Dataset items:

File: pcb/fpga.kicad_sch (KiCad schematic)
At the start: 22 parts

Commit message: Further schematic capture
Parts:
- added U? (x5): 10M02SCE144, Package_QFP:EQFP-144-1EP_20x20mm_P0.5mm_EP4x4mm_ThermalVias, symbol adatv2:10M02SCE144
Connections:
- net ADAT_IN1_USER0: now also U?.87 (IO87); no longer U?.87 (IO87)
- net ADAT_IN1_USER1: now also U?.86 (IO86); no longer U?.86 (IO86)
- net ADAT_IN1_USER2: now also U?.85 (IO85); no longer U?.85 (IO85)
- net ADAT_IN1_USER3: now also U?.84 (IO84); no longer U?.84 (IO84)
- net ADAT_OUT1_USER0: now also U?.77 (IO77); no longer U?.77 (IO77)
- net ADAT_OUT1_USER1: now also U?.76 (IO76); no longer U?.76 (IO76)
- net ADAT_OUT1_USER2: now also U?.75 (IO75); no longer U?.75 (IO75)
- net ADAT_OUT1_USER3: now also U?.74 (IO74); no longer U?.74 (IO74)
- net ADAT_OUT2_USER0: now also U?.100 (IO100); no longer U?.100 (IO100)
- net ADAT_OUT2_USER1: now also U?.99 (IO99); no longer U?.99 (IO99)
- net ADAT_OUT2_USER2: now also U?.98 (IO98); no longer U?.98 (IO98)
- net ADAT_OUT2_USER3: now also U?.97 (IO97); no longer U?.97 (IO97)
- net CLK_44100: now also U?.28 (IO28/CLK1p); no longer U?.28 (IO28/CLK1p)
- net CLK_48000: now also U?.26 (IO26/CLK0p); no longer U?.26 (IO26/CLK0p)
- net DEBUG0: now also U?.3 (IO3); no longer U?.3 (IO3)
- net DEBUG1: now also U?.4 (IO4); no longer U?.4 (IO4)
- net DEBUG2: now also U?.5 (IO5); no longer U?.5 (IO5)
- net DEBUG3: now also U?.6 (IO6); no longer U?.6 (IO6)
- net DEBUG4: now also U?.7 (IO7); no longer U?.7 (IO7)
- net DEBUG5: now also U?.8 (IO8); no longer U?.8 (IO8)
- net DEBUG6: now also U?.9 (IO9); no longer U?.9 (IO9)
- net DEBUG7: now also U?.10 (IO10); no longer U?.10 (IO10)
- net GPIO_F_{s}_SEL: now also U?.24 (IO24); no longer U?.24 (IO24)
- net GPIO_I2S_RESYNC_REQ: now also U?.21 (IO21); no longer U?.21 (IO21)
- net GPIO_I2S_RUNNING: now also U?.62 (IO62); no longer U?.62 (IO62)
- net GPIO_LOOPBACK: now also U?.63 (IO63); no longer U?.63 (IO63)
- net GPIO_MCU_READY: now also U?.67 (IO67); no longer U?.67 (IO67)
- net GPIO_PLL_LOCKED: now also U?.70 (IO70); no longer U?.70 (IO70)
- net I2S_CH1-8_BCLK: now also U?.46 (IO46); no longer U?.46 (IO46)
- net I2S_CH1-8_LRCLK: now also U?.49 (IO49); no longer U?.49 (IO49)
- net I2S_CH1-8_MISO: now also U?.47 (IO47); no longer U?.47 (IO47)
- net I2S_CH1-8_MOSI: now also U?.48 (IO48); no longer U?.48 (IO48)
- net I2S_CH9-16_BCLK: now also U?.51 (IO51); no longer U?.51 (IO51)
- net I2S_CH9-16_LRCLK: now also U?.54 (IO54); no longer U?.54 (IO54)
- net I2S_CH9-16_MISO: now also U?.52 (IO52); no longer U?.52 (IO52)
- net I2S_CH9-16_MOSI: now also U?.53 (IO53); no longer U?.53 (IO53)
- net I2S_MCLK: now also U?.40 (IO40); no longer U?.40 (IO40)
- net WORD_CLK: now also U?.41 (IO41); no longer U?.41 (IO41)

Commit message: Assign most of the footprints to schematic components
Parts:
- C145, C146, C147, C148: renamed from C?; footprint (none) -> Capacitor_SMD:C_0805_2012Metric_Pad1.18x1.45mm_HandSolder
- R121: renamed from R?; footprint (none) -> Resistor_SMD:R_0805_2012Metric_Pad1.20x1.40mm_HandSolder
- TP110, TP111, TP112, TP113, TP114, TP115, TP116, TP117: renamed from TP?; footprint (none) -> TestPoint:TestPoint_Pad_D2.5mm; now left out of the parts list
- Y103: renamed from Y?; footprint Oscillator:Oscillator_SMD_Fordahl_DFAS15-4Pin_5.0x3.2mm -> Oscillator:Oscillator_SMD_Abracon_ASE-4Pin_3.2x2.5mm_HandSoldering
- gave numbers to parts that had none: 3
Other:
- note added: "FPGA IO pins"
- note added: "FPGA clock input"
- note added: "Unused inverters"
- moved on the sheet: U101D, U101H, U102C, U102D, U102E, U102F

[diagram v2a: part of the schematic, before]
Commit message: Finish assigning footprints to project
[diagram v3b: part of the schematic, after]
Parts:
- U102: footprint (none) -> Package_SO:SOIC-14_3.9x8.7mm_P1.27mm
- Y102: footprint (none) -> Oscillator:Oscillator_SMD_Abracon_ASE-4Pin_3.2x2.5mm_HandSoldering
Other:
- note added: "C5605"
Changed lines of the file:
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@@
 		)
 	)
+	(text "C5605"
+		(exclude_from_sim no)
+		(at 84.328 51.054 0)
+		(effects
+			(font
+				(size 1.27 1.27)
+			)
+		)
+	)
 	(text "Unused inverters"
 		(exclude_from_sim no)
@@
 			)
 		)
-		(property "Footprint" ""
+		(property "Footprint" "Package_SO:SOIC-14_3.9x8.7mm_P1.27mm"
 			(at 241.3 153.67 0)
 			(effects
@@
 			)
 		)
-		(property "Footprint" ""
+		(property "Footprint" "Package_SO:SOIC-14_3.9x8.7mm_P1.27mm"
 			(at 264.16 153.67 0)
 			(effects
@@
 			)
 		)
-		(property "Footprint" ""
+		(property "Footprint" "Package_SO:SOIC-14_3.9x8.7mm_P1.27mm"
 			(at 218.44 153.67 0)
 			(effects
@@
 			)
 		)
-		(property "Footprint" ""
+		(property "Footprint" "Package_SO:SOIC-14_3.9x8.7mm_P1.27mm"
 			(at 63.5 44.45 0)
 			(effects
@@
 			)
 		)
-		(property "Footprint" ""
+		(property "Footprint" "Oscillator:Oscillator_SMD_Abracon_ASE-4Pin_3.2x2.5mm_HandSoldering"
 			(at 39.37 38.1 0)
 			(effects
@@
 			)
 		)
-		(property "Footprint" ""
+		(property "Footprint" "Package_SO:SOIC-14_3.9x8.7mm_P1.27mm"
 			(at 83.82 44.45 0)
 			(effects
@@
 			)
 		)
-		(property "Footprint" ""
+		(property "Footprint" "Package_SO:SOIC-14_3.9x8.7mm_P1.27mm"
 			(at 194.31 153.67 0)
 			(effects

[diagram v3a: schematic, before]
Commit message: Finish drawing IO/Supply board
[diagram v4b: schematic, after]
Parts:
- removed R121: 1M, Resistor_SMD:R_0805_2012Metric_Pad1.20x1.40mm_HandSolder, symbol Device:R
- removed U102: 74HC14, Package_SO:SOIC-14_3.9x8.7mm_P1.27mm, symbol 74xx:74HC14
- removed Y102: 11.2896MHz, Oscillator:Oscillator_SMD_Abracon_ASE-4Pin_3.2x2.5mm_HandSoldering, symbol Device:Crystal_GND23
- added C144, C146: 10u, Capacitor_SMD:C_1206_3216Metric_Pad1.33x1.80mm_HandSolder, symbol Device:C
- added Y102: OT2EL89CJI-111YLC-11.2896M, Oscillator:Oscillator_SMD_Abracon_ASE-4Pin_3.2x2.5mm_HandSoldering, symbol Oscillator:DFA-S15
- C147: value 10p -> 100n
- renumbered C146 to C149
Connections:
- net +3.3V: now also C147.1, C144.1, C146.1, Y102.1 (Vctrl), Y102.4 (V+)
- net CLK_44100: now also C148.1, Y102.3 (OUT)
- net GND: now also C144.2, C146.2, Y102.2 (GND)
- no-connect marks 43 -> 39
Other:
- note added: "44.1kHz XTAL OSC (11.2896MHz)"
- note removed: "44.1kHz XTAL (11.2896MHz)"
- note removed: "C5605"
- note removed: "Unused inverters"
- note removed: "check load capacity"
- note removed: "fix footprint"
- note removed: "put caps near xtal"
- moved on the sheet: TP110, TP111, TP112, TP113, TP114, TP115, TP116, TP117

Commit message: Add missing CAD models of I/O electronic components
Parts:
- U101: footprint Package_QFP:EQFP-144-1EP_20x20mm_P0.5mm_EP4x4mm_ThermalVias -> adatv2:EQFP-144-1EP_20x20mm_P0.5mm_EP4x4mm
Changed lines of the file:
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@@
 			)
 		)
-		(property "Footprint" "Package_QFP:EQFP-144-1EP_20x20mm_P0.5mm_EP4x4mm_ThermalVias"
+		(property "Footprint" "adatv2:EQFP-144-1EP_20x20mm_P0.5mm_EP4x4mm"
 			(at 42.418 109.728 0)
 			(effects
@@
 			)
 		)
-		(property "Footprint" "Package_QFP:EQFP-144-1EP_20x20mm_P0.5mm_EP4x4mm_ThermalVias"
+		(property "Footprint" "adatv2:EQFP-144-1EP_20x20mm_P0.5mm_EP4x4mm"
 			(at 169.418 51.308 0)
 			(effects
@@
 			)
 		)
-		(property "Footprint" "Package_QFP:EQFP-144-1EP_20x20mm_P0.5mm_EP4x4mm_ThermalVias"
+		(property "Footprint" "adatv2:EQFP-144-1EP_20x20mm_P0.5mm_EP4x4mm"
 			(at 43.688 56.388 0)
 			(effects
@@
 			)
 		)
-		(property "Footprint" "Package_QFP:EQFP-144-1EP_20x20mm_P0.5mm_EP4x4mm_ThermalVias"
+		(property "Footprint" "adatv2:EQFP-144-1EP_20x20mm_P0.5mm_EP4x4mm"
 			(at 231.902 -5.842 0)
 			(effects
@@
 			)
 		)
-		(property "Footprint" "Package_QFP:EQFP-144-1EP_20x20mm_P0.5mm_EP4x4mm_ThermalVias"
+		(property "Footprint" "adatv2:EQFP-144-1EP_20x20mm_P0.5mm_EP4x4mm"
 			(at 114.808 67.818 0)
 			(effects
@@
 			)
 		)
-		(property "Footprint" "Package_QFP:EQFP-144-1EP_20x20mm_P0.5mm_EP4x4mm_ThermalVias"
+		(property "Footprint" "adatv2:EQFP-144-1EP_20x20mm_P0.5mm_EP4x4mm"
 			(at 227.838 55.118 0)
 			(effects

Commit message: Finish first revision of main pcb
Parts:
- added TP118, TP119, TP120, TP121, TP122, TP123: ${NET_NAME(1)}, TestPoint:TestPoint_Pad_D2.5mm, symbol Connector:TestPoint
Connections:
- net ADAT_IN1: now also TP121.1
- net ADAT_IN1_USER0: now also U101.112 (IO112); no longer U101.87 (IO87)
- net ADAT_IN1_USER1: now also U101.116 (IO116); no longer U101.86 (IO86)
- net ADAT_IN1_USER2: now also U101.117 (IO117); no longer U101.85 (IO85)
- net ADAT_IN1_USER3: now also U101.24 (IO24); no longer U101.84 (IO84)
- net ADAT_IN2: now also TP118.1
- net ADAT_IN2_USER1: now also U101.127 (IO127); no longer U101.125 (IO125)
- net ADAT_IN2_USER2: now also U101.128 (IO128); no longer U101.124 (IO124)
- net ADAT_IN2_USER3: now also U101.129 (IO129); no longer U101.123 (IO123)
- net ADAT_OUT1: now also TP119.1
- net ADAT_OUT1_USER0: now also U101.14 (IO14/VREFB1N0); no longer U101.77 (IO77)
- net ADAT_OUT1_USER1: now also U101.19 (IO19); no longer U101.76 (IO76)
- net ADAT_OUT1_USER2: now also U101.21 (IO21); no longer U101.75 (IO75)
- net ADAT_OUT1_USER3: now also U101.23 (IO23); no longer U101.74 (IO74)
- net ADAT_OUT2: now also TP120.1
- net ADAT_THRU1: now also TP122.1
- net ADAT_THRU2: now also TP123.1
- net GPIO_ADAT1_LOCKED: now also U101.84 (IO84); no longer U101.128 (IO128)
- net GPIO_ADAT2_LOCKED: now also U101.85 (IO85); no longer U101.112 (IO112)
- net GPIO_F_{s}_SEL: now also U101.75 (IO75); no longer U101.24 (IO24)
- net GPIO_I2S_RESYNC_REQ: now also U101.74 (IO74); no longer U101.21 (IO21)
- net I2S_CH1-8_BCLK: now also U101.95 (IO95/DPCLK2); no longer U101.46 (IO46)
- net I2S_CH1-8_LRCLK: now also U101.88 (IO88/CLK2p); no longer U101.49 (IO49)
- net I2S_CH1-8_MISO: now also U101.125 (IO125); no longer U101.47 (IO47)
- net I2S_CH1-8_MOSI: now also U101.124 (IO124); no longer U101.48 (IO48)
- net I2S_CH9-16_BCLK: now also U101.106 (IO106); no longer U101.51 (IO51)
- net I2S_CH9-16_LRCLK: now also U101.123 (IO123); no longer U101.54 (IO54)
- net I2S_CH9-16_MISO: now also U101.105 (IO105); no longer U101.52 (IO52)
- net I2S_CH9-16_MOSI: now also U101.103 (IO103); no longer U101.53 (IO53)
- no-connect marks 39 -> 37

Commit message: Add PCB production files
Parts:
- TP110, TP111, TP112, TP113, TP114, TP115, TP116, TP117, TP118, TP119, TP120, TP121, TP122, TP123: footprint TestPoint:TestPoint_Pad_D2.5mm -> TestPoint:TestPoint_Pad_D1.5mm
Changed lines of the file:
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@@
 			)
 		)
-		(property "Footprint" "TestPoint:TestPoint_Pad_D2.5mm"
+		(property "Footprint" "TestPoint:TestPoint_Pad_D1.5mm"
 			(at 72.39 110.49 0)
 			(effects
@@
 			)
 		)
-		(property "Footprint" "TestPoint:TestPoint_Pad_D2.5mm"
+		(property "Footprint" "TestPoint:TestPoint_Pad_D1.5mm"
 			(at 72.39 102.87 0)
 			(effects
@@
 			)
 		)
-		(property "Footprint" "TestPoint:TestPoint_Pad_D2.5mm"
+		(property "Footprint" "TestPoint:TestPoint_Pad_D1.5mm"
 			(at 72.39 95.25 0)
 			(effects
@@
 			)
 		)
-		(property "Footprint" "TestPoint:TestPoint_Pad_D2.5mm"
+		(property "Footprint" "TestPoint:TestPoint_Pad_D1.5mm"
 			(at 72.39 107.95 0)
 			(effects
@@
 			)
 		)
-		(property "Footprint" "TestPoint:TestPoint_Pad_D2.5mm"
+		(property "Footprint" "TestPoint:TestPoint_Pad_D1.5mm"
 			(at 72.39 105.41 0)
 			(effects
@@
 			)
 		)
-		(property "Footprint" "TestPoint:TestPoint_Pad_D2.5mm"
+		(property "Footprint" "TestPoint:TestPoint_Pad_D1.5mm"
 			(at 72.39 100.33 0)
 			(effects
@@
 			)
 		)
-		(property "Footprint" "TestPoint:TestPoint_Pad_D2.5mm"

Task description> You are asked to count the lines of the records above in which the word "message" occurs, and to give only that number.

Solution for this task> 7